To szczególny moment dla Rzecznika i jego Biura. Za konsekwentne stanie po stronie praw człowieka i walkę z mową nienawiści Bodnar padł w ostatnich tygodniach ofiarą medialnej i politycznej nagonki. Politycy PiS i TVP oskarżają go o działanie pod polityczną presją, obronę "zwyrodnialców" i promocję "ideologii LGBT".
Podczas senackiej debaty przewodniczący Komisji Praworządności Robert Mamątow z PiS stwierdził, że Bodnar „za mocno się zaangażował w politykę i niepotrzebnie się w nią bawi”.

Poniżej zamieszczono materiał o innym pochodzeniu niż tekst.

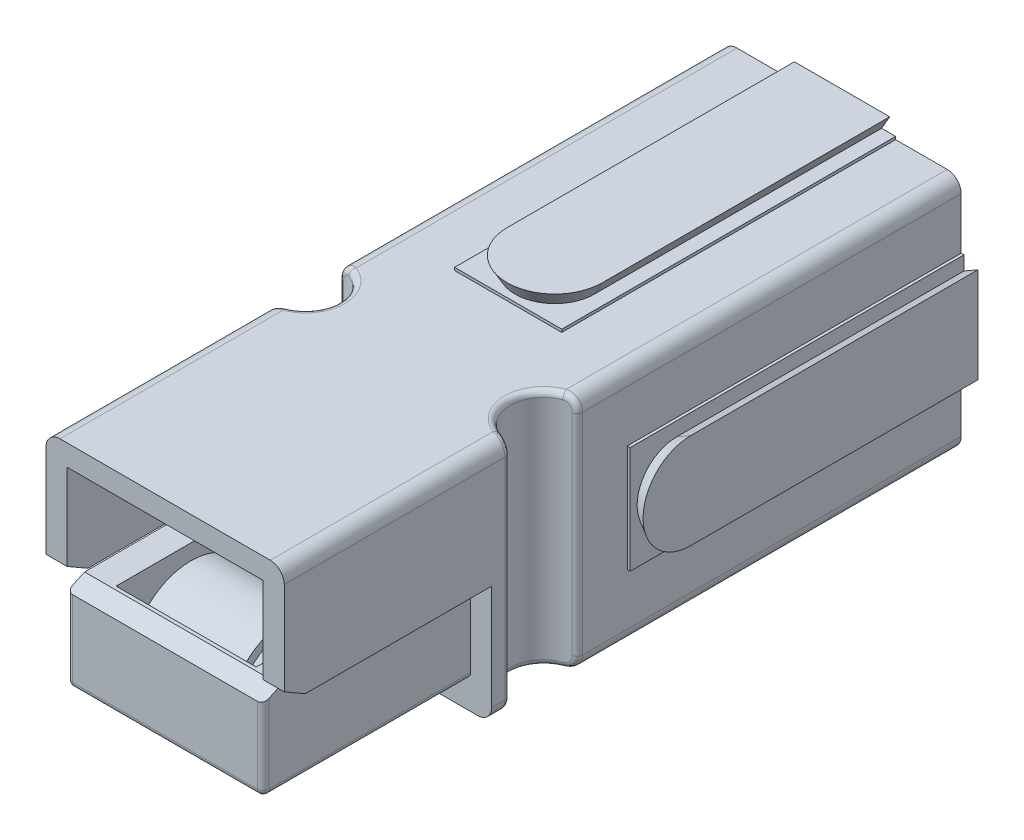
SolidWorks part; units mm, degrees
ref_plane "Face" through (0, 0, 0) normal (0, 0, 1) x (1, 0, 0)
ref_plane "Dessus" through (0, 0, 0) normal (0, 1, 0) x (1, 0, 0)
ref_plane "Droite" through (0, 0, 0) normal (1, 0, 0) x (0, 0, -1)
sketch "Esquisse1" plane through (0, 0, 0) normal (0, 0, 1) x (1, 0, 0)
  line L0 (0, 4.25) -> (0, -4.25) construction
  line L1 (-4.25, 4.25) -> (4.25, 4.25)
  line L2 (-4.25, 4.25) -> (-4.25, -4.25)
  line L3 (-4.25, -4.25) -> (4.25, -4.25)
  line L4 (4.25, 4.25) -> (4.25, -4.25)
  line L5 (-4.25, 0) -> (4.25, 0) construction
  line L9 (-1.4113, 4.25) -> (1.4113, 4.25) construction
  line L10 (-1.7, 4.75) -> (1.7, 4.75) construction
  line L11 (0, 4.75) -> (0, 4.25) construction
  line L12 (1.7, 4.75) -> (1.4113, 4.25) construction
  line L15 (-1.7, 4.75) -> (-1.4113, 4.25) construction
  line L16 (4.25, 1.4113) -> (4.25, -1.4113) construction
  line L17 (4.75, 0) -> (4.25, 0) construction
  line L18 (4.75, 1.7) -> (4.75, -1.7) construction
  line L19 (4.75, -1.7) -> (4.25, -1.4113) construction
  line L20 (4.75, 1.7) -> (4.25, 1.4113) construction
  point P4 (0, 4.25)
  point P6 (-4.25, 0)
  dimension "D1" = 8.5
  dimension "D2" = 8.5
extrude "Extrusion1" add sketch "Esquisse1" along normal blind 24.15
sketch "Esquisse5" plane through (0, 0, 24.15) normal (0, 0, 1) x (1, 0, 0)
  line L0 (0, 3.75) -> (0, -5.3524) construction
  line L4 (-4.25, 0) -> (-4.25, -4.25)
  line L7 (4.25, -4.25) -> (4.25, 0)
  line L8 (-4.25, -4.25) -> (4.25, -4.25) construction
  line L9 (-4.25, -4.25) -> (4.25, -4.25) construction
  line L11 (-4.25, 0) -> (-3.5, 0)
  line L12 (3.5, 0) -> (4.25, 0)
  line L13 (-4.25, -4.25) -> (4.25, -4.25)
  line L14 (4.25, -4.25) -> (4.25, 4.25) construction
  line L15 (-2.943, 0) -> (2.943, 0) construction
  line L16 (-3.5, 0) -> (-3.5, -3.25)
  line L17 (3.5, -3.25) -> (3.5, 0)
  line L18 (0, -3.25) -> (-3.5, -3.25)
  line L19 (0, -3.25) -> (3.5, -3.25)
  point P22 (0, -4.25)
  dimension "D1" = 0.75
  dimension "D2" = 1
  dimension "D3" = 5.886
  dimension "D4" = 7
  dimension "D5" = 0.75
  dimension "D6" = 8.5
  dimension "D7" = 4.25
extrude "Enlèv. mat.-Extru.5" cut sketch "Esquisse5" against normal blind 7.4
ref_plane "Plane2" through (0, 0, 16.75) normal (0, 0, 1) x (1, 0, 0)
sketch "Sketch2" plane through (0, 0, 16.75) normal (0, 0, 1) x (1, 0, 0)
  line L0 (-3.5, -0.05) -> (3.5, -0.05)
  line L1 (0, 4.25) -> (0, -4.25) construction
  line L2 (-3.5, 3.5) -> (-3.5, -0.05)
  line L4 (-4.25, 0) -> (4.25, 0) construction
  line L5 (3.5, 3.5) -> (3.5, -0.05)
  line L6 (-3.5, 3.5) -> (3.5, 3.5)
extrude "Cut-Extrude12" cut sketch "Sketch2" along normal blind 8
sketch "Esquisse8" plane through (0, 0, 0) normal (0, 0, -1) x (-1, 0, 0)
  line L0 (-4.25, -4.25) -> (-4.25, 4.25) construction
  line L1 (-4.25, 4.25) -> (4.25, 4.25) construction
  line L37 (2.85, 4.25) -> (2.85, -4.25)
  line L38 (2.85, 2.85) -> (2.85, -2.85)
  line L41 (-2.85, 2.85) -> (-2.85, -2.85)
  line L43 (4.25, -2.85) -> (-4.25, -2.85)
  line L44 (2.85, -2.85) -> (-2.85, -2.85)
  line L47 (2.85, 2.85) -> (-2.85, 2.85)
  dimension "D2" = 1.4
  dimension "D4" = 1.4
  dimension "D1" = 1.4
  dimension "D3" = 1.4
extrude "Enlèv. mat.-Extru.7" cut sketch "Esquisse8" against normal blind 10
sketch "Esquisse12" plane through (0, 0, 0) normal (0, 0, -1) x (-1, 0, 0)
  line L0 (0, 4.25) -> (0, -4.25) construction
  line L1 (-4.25, 4.25) -> (4.25, 4.25) construction
  line L2 (-4.25, 0) -> (4.25, 0) construction
  line L3 (3.75, 1.7) -> (4.25, 1.4113)
  line L4 (-4.25, -4.25) -> (-4.25, 4.25) construction
  line L6 (3.75, -1.7) -> (3.75, 1.7)
  line L7 (4.25, -1.4113) -> (3.75, -1.7)
  line L8 (4.25, 1.4113) -> (4.25, -1.4113)
  line L10 (-1.4113, -4.25) -> (1.4113, -4.25)
  line L13 (-1.4113, -4.25) -> (-1.7, -3.75)
  line L14 (1.7, -3.75) -> (1.4113, -4.25)
  line L15 (-1.7, -3.75) -> (1.7, -3.75)
  dimension "D1" = 4.25
  dimension "D2" = 4.25
  dimension "D3" = 3.4
extrude "Cut-Extrude7" cut sketch "Esquisse12" against normal blind 10.25
ref_plane "Plane3" through (0, 0, 10.25) normal (0, 0, -1) x (-1, 0, 0)
sketch "Sketch3" plane through (0, 0, 10.25) normal (0, 0, -1) x (-1, 0, 0)
  line L0 (3.75, 0) -> (4.25, 0) construction
  line L1 (3.75, 1.7) -> (3.75, -1.7) construction
  line L2 (4.25, -1.4113) -> (4.25, 1.4113) construction
  line L3 (3.75, 0) -> (3.75, -1.7)
  line L4 (3.75, -1.7) -> (4.25, -1.4113)
  line L5 (4.25, -1.4113) -> (4.25, 0)
  line L6 (3.75, 0) -> (4.25, 0)
revolve "Cut-Revolve1" cut sketch "Sketch3" angle 180 about L0
ref_plane "Plane14" through (-4.25, 0, 0) normal (-1, 0, 0) x (0, 0, 1)
sketch "Sketch14" plane through (-4.25, 0, 0) normal (-1, 0, 0) x (0, 0, 1)
  line L0 (0, 0) -> (11.6613, 0) construction
  line L1 (0, 1.4113) -> (10.25, 1.4113)
  line L2 (10.25, 1.4113) -> (10.25, -1.4113) construction
  line L3 (0, -1.4113) -> (10.25, -1.4113)
  line L5 (0, 1.4113) -> (0, 1.9113)
  line L6 (0, 4.25) -> (0, 1.4113) construction
  line L7 (0, 1.9113) -> (11.9113, 1.9113)
  line L8 (0, -1.4113) -> (0, -1.9113)
  line L9 (0, -1.4113) -> (0, -4.25) construction
  line L10 (0, -1.9113) -> (11.9113, -1.9113)
  line L13 (11.9113, 1.9113) -> (11.9113, -1.9113)
  arc A0 (10.25, -1.4113) -> (10.25, 1.4113) centre (10.25, 0) ccw construction
  arc A1 (10.25, 1.4113) -> (10.25, -1.4113) centre (10.25, 0) cw
extrude "Boss-Extrude5" add sketch "Sketch14" along normal blind 0.1
ref_plane "Plane4" through (0, 0, 10.25) normal (0, 0, -1) x (-1, 0, 0)
sketch "Sketch4" plane through (0, 0, 10.25) normal (0, 0, -1) x (-1, 0, 0)
  line L0 (0, -3.75) -> (0, -4.25) construction
  line L1 (1.7, -3.75) -> (-1.7, -3.75) construction
  line L2 (-1.4113, -4.25) -> (1.4113, -4.25) construction
  line L3 (0, -3.75) -> (1.7, -3.75)
  line L4 (1.7, -3.75) -> (1.4113, -4.25)
  line L5 (1.4113, -4.25) -> (0, -4.25)
  line L6 (0, -3.75) -> (0, -4.25)
revolve "Cut-Revolve2" cut sketch "Sketch4" angle 180 about L0
ref_plane "Plane15" through (0, -4.25, 0) normal (0, -1, 0) x (1, 0, 0)
sketch "Sketch15" plane through (0, -4.25, 0) normal (0, -1, 0) x (1, 0, 0)
  line L4 (-1.4113, 0) -> (-1.4113, 10.25)
  line L6 (-1.9113, 0) -> (-1.9113, 11.9113)
  line L9 (-1.9113, 11.9113) -> (1.9113, 11.9113)
  line L11 (-1.4113, 0) -> (-1.9113, 0)
  line L12 (1.9113, 0) -> (1.9113, 11.9113)
  line L14 (0, 0) -> (0, 11.6613) construction
  line L15 (1.4113, 0) -> (1.4113, 10.25)
  line L16 (-1.4113, 10.25) -> (1.4113, 10.25) construction
  line L17 (1.4113, 0) -> (1.9113, 0)
  arc A0 (-1.4113, 10.25) -> (1.4113, 10.25) centre (0, 10.25) cw
extrude "Boss-Extrude6" add sketch "Sketch15" along normal blind 0.1
ref_plane "Plane16" through (0, 4.25, 0) normal (0, 1, 0) x (-1, 0, 0)
sketch "Sketch16" plane through (0, 4.25, 0) normal (0, 1, 0) x (-1, 0, 0)
  line L0 (-1.9113, 0) -> (1.9113, 0)
  line L6 (0, 0) -> (0, 11.6613) construction
  line L12 (-1.9113, 0) -> (-1.9113, 11.9113)
  line L15 (-1.9113, 11.9113) -> (1.9113, 11.9113)
  line L16 (1.9113, 0) -> (1.9113, 11.9113)
extrude "Boss-Extrude7" add sketch "Sketch16" along normal blind 0.1
ref_plane "Plane17" through (4.25, 0, 0) normal (1, 0, 0) x (0, 0, -1)
sketch "Sketch17" plane through (4.25, 0, 0) normal (1, 0, 0) x (0, 0, -1)
  line L0 (0, 1.9113) -> (0, -1.9113)
  line L11 (0, 1.9113) -> (-11.9113, 1.9113)
  line L12 (-11.9113, -1.9113) -> (-11.9113, 1.9113)
  line L15 (0, -1.9113) -> (-11.9113, -1.9113)
  line L16 (0, 0) -> (-11.6613, 0) construction
extrude "Boss-Extrude8" add sketch "Sketch17" along normal blind 0.1
ref_plane "Plane5" through (0, 0, 0) normal (0, 0, -1) x (-1, 0, 0)
sketch "Sketch5" plane through (0, 0, 0) normal (0, 0, -1) x (-1, 0, 0)
  line L0 (0, 4.25) -> (0, -4.25) construction
  line L1 (1.4113, 4.35) -> (-1.4113, 4.35)
  line L3 (-1.4113, 4.35) -> (-1.7, 4.85)
  line L4 (-1.7, 4.85) -> (1.7, 4.85)
  line L5 (-1.4113, -4.25) -> (1.4113, -4.25) construction
  line L6 (1.7, 4.85) -> (1.4113, 4.35)
  line L9 (-4.25, 0) -> (4.25, 0) construction
  line L10 (-4.85, -1.7) -> (-4.85, 1.7)
  line L11 (-4.85, 1.7) -> (-4.35, 1.4113)
  line L12 (-4.35, 1.4113) -> (-4.35, -1.4113)
  line L13 (-4.35, -1.4113) -> (-4.85, -1.7)
extrude "Boss-Extrude4" add sketch "Sketch5" against normal blind 10.25
ref_plane "Plane6" through (0, 0, 10.25) normal (0, 0, 1) x (1, 0, 0)
sketch "Sketch6" plane through (0, 0, 10.25) normal (0, 0, 1) x (1, 0, 0)
  line L0 (0, 4.85) -> (0, 4.25) construction
  line L1 (-1.7, 4.85) -> (1.7, 4.85) construction
  line L2 (4.25, 4.25) -> (-4.25, 4.25) construction
  line L3 (0, 4.35) -> (1.4113, 4.35)
  line L5 (1.7, 4.85) -> (0, 4.85)
  line L6 (0, 4.85) -> (0, 4.35)
  line L8 (-1.9113, 4.35) -> (1.9113, 4.35) construction
  line L9 (1.4113, 4.35) -> (1.7, 4.85)
revolve "Revolve1" add sketch "Sketch6" angle 180 about L0
ref_plane "Plane7" through (0, 0, 10.25) normal (0, 0, 1) x (1, 0, 0)
sketch "Sketch7" plane through (0, 0, 10.25) normal (0, 0, 1) x (1, 0, 0)
  line L0 (4.85, 0) -> (4.25, 0) construction
  line L1 (4.85, 1.7) -> (4.85, -1.7) construction
  line L4 (4.85, -1.7) -> (4.85, 0)
  line L5 (4.85, 0) -> (4.35, 0)
  line L6 (4.35, 0) -> (4.35, -1.4113)
  line L7 (4.35, -1.4113) -> (4.35, 1.4113) construction
  line L8 (4.35, -1.4113) -> (4.85, -1.7)
revolve "Revolve2" add sketch "Sketch7" angle 180 about L0
ref_plane "Plane13" through (0, -0.05, 0) normal (0, 1, 0) x (-1, 0, 0)
sketch "Sketch13" plane through (0, -0.05, 0) normal (0, 1, 0) x (-1, 0, 0)
  line L0 (0, 24.15) -> (0, 16.75) construction
  line L4 (-2.5, 16.75) -> (2.5, 16.75)
  line L7 (-2.5, 23.4) -> (-2.5, 16.75)
  line L8 (2.5, 16.75) -> (2.5, 23.4)
  line L9 (2.5, 23.4) -> (-2.5, 23.4)
extrude "Cut-Extrude16" cut sketch "Sketch13" against normal blind 2.5
ref_plane "Plan1" through (0, 0, 0) normal (1, 0, 0) x (0, 0, -1)
sketch "Esquisse13" plane through (0, 0, 0) normal (1, 0, 0) x (0, 0, -1)
  line L0 (-20.0219, -0.4036) -> (-16.75, -1.3209)
  line L2 (-20.1718, -0.6731) -> (-16.75, -1.6325)
  line L3 (-23.3055, -1.5523) -> (-23.5952, -1.4741)
  line L4 (-16.75, -1.6325) -> (-16.75, -1.3209)
  line L5 (-20.1718, -0.6731) -> (-16.831, -1.6098) construction
  arc A0 (-23.5952, -1.4741) -> (-20.0219, -0.4036) centre (-21.477, -2.0455) cw
  arc A1 (-23.3055, -1.5523) -> (-20.1718, -0.6731) centre (-21.477, -2.0455) cw
  dimension "D1" = 0.3
extrude "Extrusion2" add sketch "Esquisse13" along normal blind 1.75 and the other way blind 1.75
ref_plane "Plane9" through (0, 0, 10) normal (0, 0, -1) x (-1, 0, 0)
sketch "Sketch9" plane through (0, 0, 10) normal (0, 0, -1) x (-1, 0, 0)
  line L0 (0, 2.85) -> (0, -2.85) construction
  line L3 (-2.85, 0) -> (2.85, 0) construction
  circle A0 centre (0, 0) radius 2.85 construction
  circle A1 centre (0, 0) radius 2
extrude "Cut-Extrude9" cut sketch "Sketch9" against normal blind 6.75
ref_plane "Plane10" through (0, 4.25, 0) normal (0, 1, 0) x (-1, 0, 0)
sketch "Sketch10" plane through (0, 4.25, 0) normal (0, 1, 0) x (-1, 0, 0)
  line L0 (0, 24.15) -> (0, 14.893) construction
  line L1 (-4.25, 24.15) -> (4.25, 24.15) construction
  line L2 (0, 16.75) -> (0, 10) construction
  line L3 (-4.25, 14.893) -> (4.25, 14.893) construction
  line L4 (4.25, 13.693) -> (4.25, 16.093)
  line L5 (-4.25, 13.693) -> (-4.25, 16.093)
  arc A0 (4.25, 16.093) -> (4.25, 13.693) centre (4.25, 14.893) ccw
  arc A1 (-4.25, 16.093) -> (-4.25, 13.693) centre (-4.25, 14.893) cw
  dimension "D2" = 2.4
  dimension "D1" = 9.257
extrude "Cut-Extrude10" cut sketch "Sketch10" against normal blind 8.6
fillet "Fillet1" radius 0.5 8 edges at (-4.25, -4.25, 16.4215) (-4.25, -4.25, 6.8465) (4.25, -4.25, 6.8465) (4.25, -4.25, 16.4215) (-4.25, 4.25, 20.1215) (-4.25, 4.25, 6.8465) (4.25, 4.25, 20.1215) (4.25, 4.25, 6.8465)
fillet "Fillet2" radius 0.2 21 edges at (-4.1408, -4.0619, 13.698) (-3.05, -4.25, 14.893) (-4.0497, -4.1503, 16.0762) (-4.25, 0, 16.093) (-4.1408, 4.0619, 16.088) (-3.05, 4.25, 14.893) (-4.0497, 4.1503, 13.7098) (4.1408, 4.0619, 13.698) (4.25, 0, 13.693) (4.0497, -4.1503, 13.7098) (3.05, -4.25, 14.893) (4.1408, -4.0619, 16.088) (4.25, 0, 16.093) (4.0497, 4.1503, 16.0762) (-4.25, 0, 13.693) (3.05, 4.25, 14.893) (-3.5, -3.25, 20.45) (-3.5, -1.65, 24.15) (0, -3.25, 24.15) (3.5, -1.65, 24.15) (3.5, -3.25, 20.45)
ref_plane "Plane11" through (0, 0, 0) normal (1, 0, 0) x (0, 0, -1)
sketch "Sketch11" plane through (0, 0, 0) normal (1, 0, 0) x (0, 0, -1)
  line L0 (-24.15, 0.433) -> (-24.15, 0)
  line L1 (-23.4, 0) -> (-24.15, 0)
  line L3 (-23.4, 0) -> (-24.15, 0.433)
  line L4 (-24.15, -0.05) -> (-24.15, -0.3387)
  line L6 (-24.15, -0.05) -> (-23.525, -0.05)
  line L9 (-23.525, -0.05) -> (-24.15, -0.3387)
  dimension "D1" = 0.75
  dimension "D2" = 30
extrude "Cut-Extrude11" cut sketch "Sketch11" against normal blind 4.5 and the other way blind 4.5
scale "Scale3" bodies to scale 137 scale about centroid uniform scaling yes scale factor 0.88624

RPO nie zamierza jednak korygować kursu pod polityczne dyktando obecnej władzy. Przedstawił Senatowi 15 najważniejszych problemów i pięć kwestii instytucjonalnych, nad którymi zamierza pracować do końca kadencji.
„Do końca tej kadencji RPO jest dziś dokładnie rok i dwa miesiące. I nadal wiele spraw nie daje mi spokoju. Z tej właśnie perspektywy patrzę na wykonywanie mojego mandatu” - podkreślił Bodnar.
Do tych 15 spraw, o które chce walczyć do końca kadencji, RPO dodał też problemy instytucjonalne, które zagrażają prawom człowieka.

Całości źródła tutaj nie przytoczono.